A lei instituiu uma nova modalidade de controle de jornada de trabalho denominada de “Registro de Ponto por Exceção”. Essa modalidade poderá ser estabelecida por meio de acordo individual escrito ou pelo instrumento normativo da categoria.

Tem se interpretado tal dispositivo como a pré-assinalação da jornada normal de trabalho e das horas extras pela empregadora, as quais, se necessário, podem ser alteradas pelo empregado em casos especiais de faltas, licenças, férias, saídas antecipadas, horas extras, afastamentos e outros motivos previstos em lei, e não havendo anotações que extrapolem uma jornada média, presume-se real a contratual pré-assinalada:

  • 4º Fica permitida a utilização de registro de ponto por exceção à jornada regular de trabalho, mediante acordo individual escrito, convenção coletiva ou acordo coletivo de trabalho.” (NR)

Com a MP, o ponto por exceção também pode ser estipulado por acordo individual entre o trabalhador e a empresa.

Substituição do eSocial

Por meio do artigo 16 da Lei da Liberdade Econômica, foi oficialmente substituído o (eSocial) por um novo sistema:

"Art. 16.O Sistema de Escrituração Digital das Obrigações Fiscais, Previdenciárias e Trabalhistas (eSocial) será substituído, em nível federal, por sistema simplificado de escrituração digital de obrigações previdenciárias, trabalhistas e fiscais.

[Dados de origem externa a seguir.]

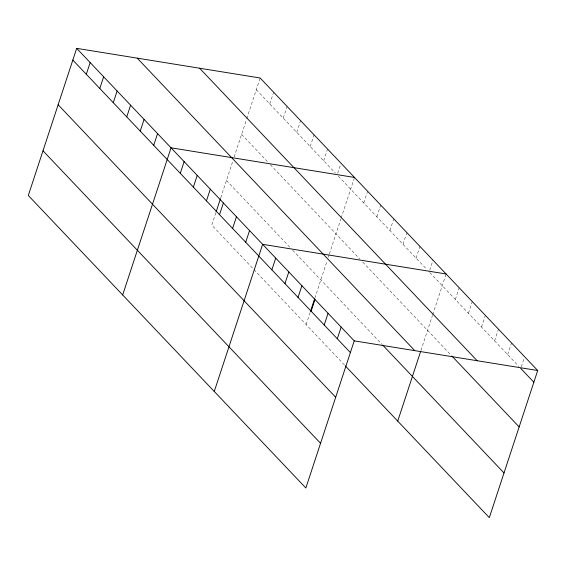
<?xml version="1.0" encoding="UTF-8"?>
<svg xmlns="http://www.w3.org/2000/svg" width="566" height="566" viewBox="0 0 566 566"><rect width="100%" height="100%" fill="white"/><g stroke="black" fill="none" stroke-linecap="round" stroke-linejoin="round"><path stroke-width="0.42" stroke-dasharray="2.83 2.12" d="M215.844 212.724L211.769 225.141L253.384 268.999M220.747 197.831L233.065 160.362M234.168 157.008L246.493 119.511M246.769 118.683L260.141 78.002M269.77 103.925L273.626 92.216M283.255 118.131L287.103 106.422M296.733 132.338L300.588 120.629M310.218 146.544L314.066 134.835M323.695 160.751L327.551 149.042M337.732 173.288L340.477 164.925M306.135 324.594L310.218 312.177M314.845 298.112L327.162 260.65M328.259 257.297L329.087 254.785M329.362 253.95L340.866 218.964M341.135 218.136L354.514 177.455M363.747 202.961L367.596 191.244M376.829 216.75L380.685 205.034M389.917 230.539L393.766 218.823M402.999 244.328L406.848 232.612M416.088 258.117L419.937 246.401M429.721 270.23L433.018 260.19M420.955 350.474L432.459 315.488M432.728 314.661L446.107 273.979M455.34 299.485L459.189 287.769M468.422 313.274L472.277 301.558M481.51 327.063L485.359 315.347M494.592 340.852L498.448 329.143M507.681 354.641L511.53 342.932M521.314 366.754L524.066 358.391M256.292 89.718L335.419 173.111M338.355 176.196L426.792 269.395M429.764 272.529L518.98 366.549M241.597 134.404L267.973 162.201M270.322 164.678L359.757 258.931M362.735 262.065L451.35 355.455M226.457 180.448L290.351 247.781M292.693 250.25L382.092 344.461M253.971 269.614L344.793 365.332"/><path stroke-width="0.85" d="M76.679 48.358L28.3 195.489L305.859 487.998L354.231 340.859L76.679 48.358L260.141 78.002L537.7 370.511L489.321 517.642L345.387 365.961M86.308 74.273L90.157 62.564M99.786 88.48L103.642 76.771M113.271 102.694L117.12 90.977M126.749 116.9L130.605 105.184M140.234 131.107L144.082 119.391M153.711 145.313L157.567 133.597M122.673 294.943L171.045 147.811L354.514 177.455M180.278 173.309L184.134 161.6M193.367 187.098L197.216 175.389M206.449 200.888L210.297 189.178M216.12 211.896L220.471 198.659M219.537 214.677L223.386 202.968M232.619 228.466L236.468 216.757M245.708 242.255L249.556 230.546M214.266 391.467L262.638 244.335L446.107 273.979M271.871 269.833L275.727 258.124M284.96 283.623L288.809 271.913M298.041 297.412L301.897 285.703M310.486 311.35L314.569 298.933M311.13 311.201L314.979 299.492M324.212 324.99L328.068 313.281M337.301 338.779L341.149 327.07M397.728 421.118L420.68 351.316M354.231 340.859L537.7 370.511M520.762 368.431L533.851 382.22M199.6 68.224L477.159 360.726M451.944 356.085L519.156 426.913M137.22 58.142L414.779 350.644M382.687 345.09L504.016 472.957M72.823 60.067L350.382 352.568M58.135 104.76L335.688 397.261M42.995 150.804L320.554 443.305"/></g></svg>

Até que a substituição ocorra manter-se-á a prestação das informações ao eSocial :

"Até que seja publicado o novo leiaute simplificado em substituição ao leiaute atual do eSocial, conforme estabelecido pela Lei nº 13.874/19, os empregadores deverão seguir prestando as informações ao sistema, de acordo com o calendário de obrigatoriedade dos grupos.

O artigo 5º da Portaria MF nº 1.065/2019 regulamenta o link entre a prestação de informações ao eSocial e o registro na CTPS Digital:

Art. 5º Para os empregadores que têm a obrigação de uso do Sistema de Escrituração Digital das Obrigações Fiscais, Previdenciárias e Trabalhistas – eSocial:

I – a comunicação pelo trabalhador do número de inscrição no CPF ao empregador equivale à apresentação da CTPS em meio digital, dispensado o empregador da emissão de recibo;

II – os registros eletrônicos gerados pelo empregador nos sistemas informatizados da Carteira de Trabalho em meio digital equivalem às anotações a que se refere o Decreto-Lei nº 5.452/1943.